Your money is protected.
Savings.Club is built on transparency and member protection. Here is exactly how your contributions are safeguarded, what legal frameworks apply, and what rights you have as a member.
Savings club vs. security.
These are fundamentally different products with fundamentally different risk profiles, regulatory frameworks, and consumer protections.
Savings Club
Purpose
Acquire assets (cars, homes, equipment)
Expectation
Receive purchasing power equal to your target asset value
Profit expectation
None. You receive what you save for, not a financial return.
Risk of total loss
Mitigated by trust structure, FDIC insurance, and fiduciary oversight
Regulation
State-level consumer protection laws
Credit check
Not required
Accredited investor?
Not required. Open to everyone.
Fund protection
Irrevocable trust, independent fiduciary, FDIC-insured bank
Security (Investment Contract)
Purpose
Generate financial profit or returns
Expectation
Receive more money than you invested
Profit expectation
Yes. This is the defining characteristic of a security.
Risk of total loss
Inherent. You may lose all of your investment.
Regulation
SEC (Securities and Exchange Commission)
Credit check
Varies by offering
Accredited investor?
Often required. Assumes you can afford to lose the money.
Fund protection
Varies. No standard trust structure. SIPC covers brokerage failures, not investment losses.
Legal Framework
The Howey Test: how courts determine what is a security.
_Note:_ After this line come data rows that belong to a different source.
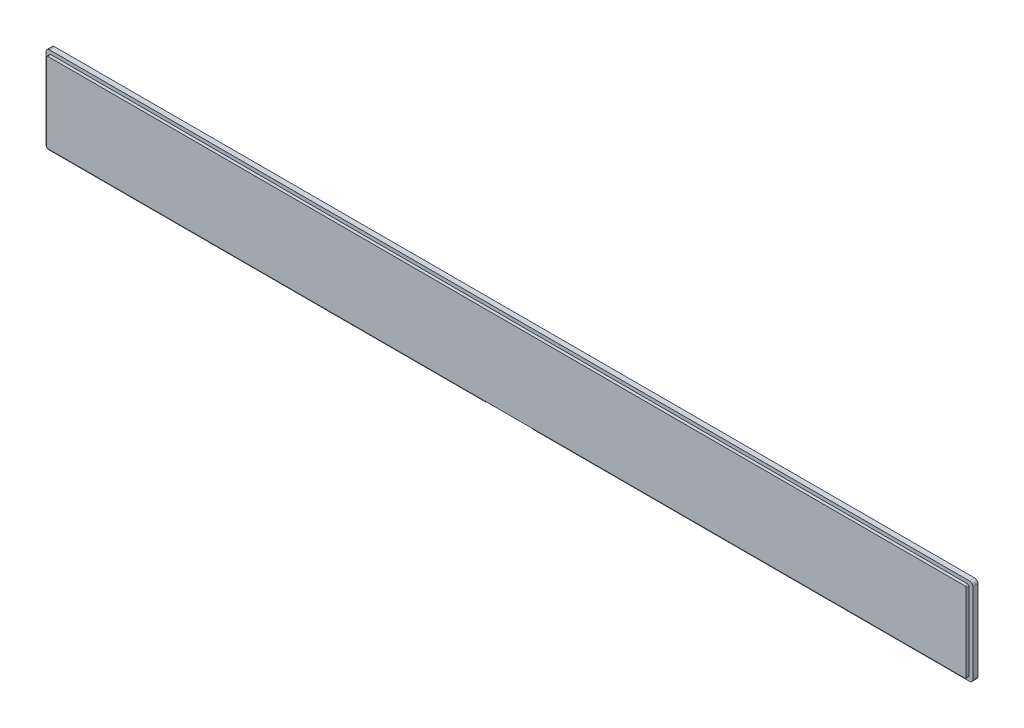
SolidWorks part; units mm, degrees
material "ABS_Black"
ref_plane "Přední rovina" through (0, 0, 0) normal (0, 0, 1) x (1, 0, 0)
ref_plane "Horní rovina" through (0, 0, 0) normal (0, 1, 0) x (1, 0, 0)
ref_plane "Pravá rovina" through (0, 0, 0) normal (1, 0, 0) x (0, 0, -1)
sketch "Skica1" plane through (0, 0, 0) normal (0, 0, 1) x (1, 0, 0)
  line L1 (213.25, -20) -> (-213.25, -20)
  line L2 (213.25, -20) -> (213.25, 20)
  line L3 (213.25, 20) -> (-213.25, 20)
  line L4 (-213.25, -20) -> (-213.25, 20)
  line L5 (213.25, -20) -> (-213.25, 20) construction
  line L6 (213.25, 20) -> (-213.25, -20) construction
  point P0 (0, 0)
  dimension "D1" = 426.5
  dimension "D2" = 40
extrude "Přidat vysunutím1" add sketch "Skica1" along normal blind 2.4
sketch "Skica2" plane through (0, 0, 2.4) normal (0, 0, 1) x (1, 0, 0)
  line L2 (-211.6, 18.4) -> (211.6, 18.4)
  line L3 (-211.6, 18.4) -> (-211.6, -18.4)
  line L4 (-211.6, -18.4) -> (211.6, -18.4)
  line L5 (211.6, 18.4) -> (211.6, -18.4)
  line L6 (-211.6, 18.4) -> (211.6, -18.4) construction
  line L7 (-211.6, -18.4) -> (211.6, 18.4) construction
  point P2 (0, 0)
  dimension "D1" = 36.8
  dimension "D2" = 423.2
extrude "Přidat vysunutím2" add sketch "Skica2" along normal blind 1.4
fillet "Zaoblit1" radius 1.5 4 edges at (-213.25, -20, 1.2) (-213.25, 20, 1.2) (213.25, -20, 1.2) (213.25, 20, 1.2)
fillet "Zaoblit2" radius 0.5 4 edges at (211.6, 18.4, 3.1) (211.6, -18.4, 3.1) (-211.6, -18.4, 3.1) (-211.6, 18.4, 3.1)
sketch "Skica3" plane through (0, 0, 2.4) normal (0, 0, 1) x (1, 0, 0)
  line L0 (0, 0) -> (0, -25.2092) construction
  line L1 (-11, -17.4751) -> (-11, -21.9838) construction
  line L2 (-12.2287, -19) -> (14.7393, -19) construction
  line L3 (-211.75, -20) -> (211.75, -20) construction
  line L4 (0, -19) -> (-10, -19)
  line L5 (0, -19) -> (10, -19)
  line L6 (11, -17.4751) -> (11, -21.9838) construction
  line L7 (11, -20) -> (11, -20.1169)
  line L8 (11, -20.1169) -> (-11, -20.1169)
  line L9 (-11, -20.1169) -> (-11, -20)
  arc A0 (-11, -20) -> (-10, -19) centre (-11, -19) ccw
  arc A1 (11, -20) -> (10, -19) centre (11, -19) cw
  dimension "D1" = 1
  dimension "D2" = 11
  dimension "D3" = 11
extrude "Odebrat vysunutím1" cut sketch "Skica3" against normal through all

In 1946, the U.S. Supreme Court established a four-part test in SEC v. W.J. Howey Co. (328 U.S. 293) to determine whether a transaction qualifies as an "investment contract" and therefore a security under federal law. This test is still used today.
An investment of money
The participant puts money into the program with the expectation of receiving something in return.
Savings Club
Members contribute monthly to a common fund. However, the purpose is collective asset acquisition, not investment.
Security
Participants invest money with the expectation of financial returns.
In a common enterprise
The fortunes of the participant are tied to the fortunes of other participants or the promoter.
Savings Club
Members share a common fund, but each member's outcome (receiving their asset) is determined by their own behavior, not by the success or failure of the enterprise.
Security
Participants' returns depend on the pooled performance of the enterprise or the efforts of the promoter.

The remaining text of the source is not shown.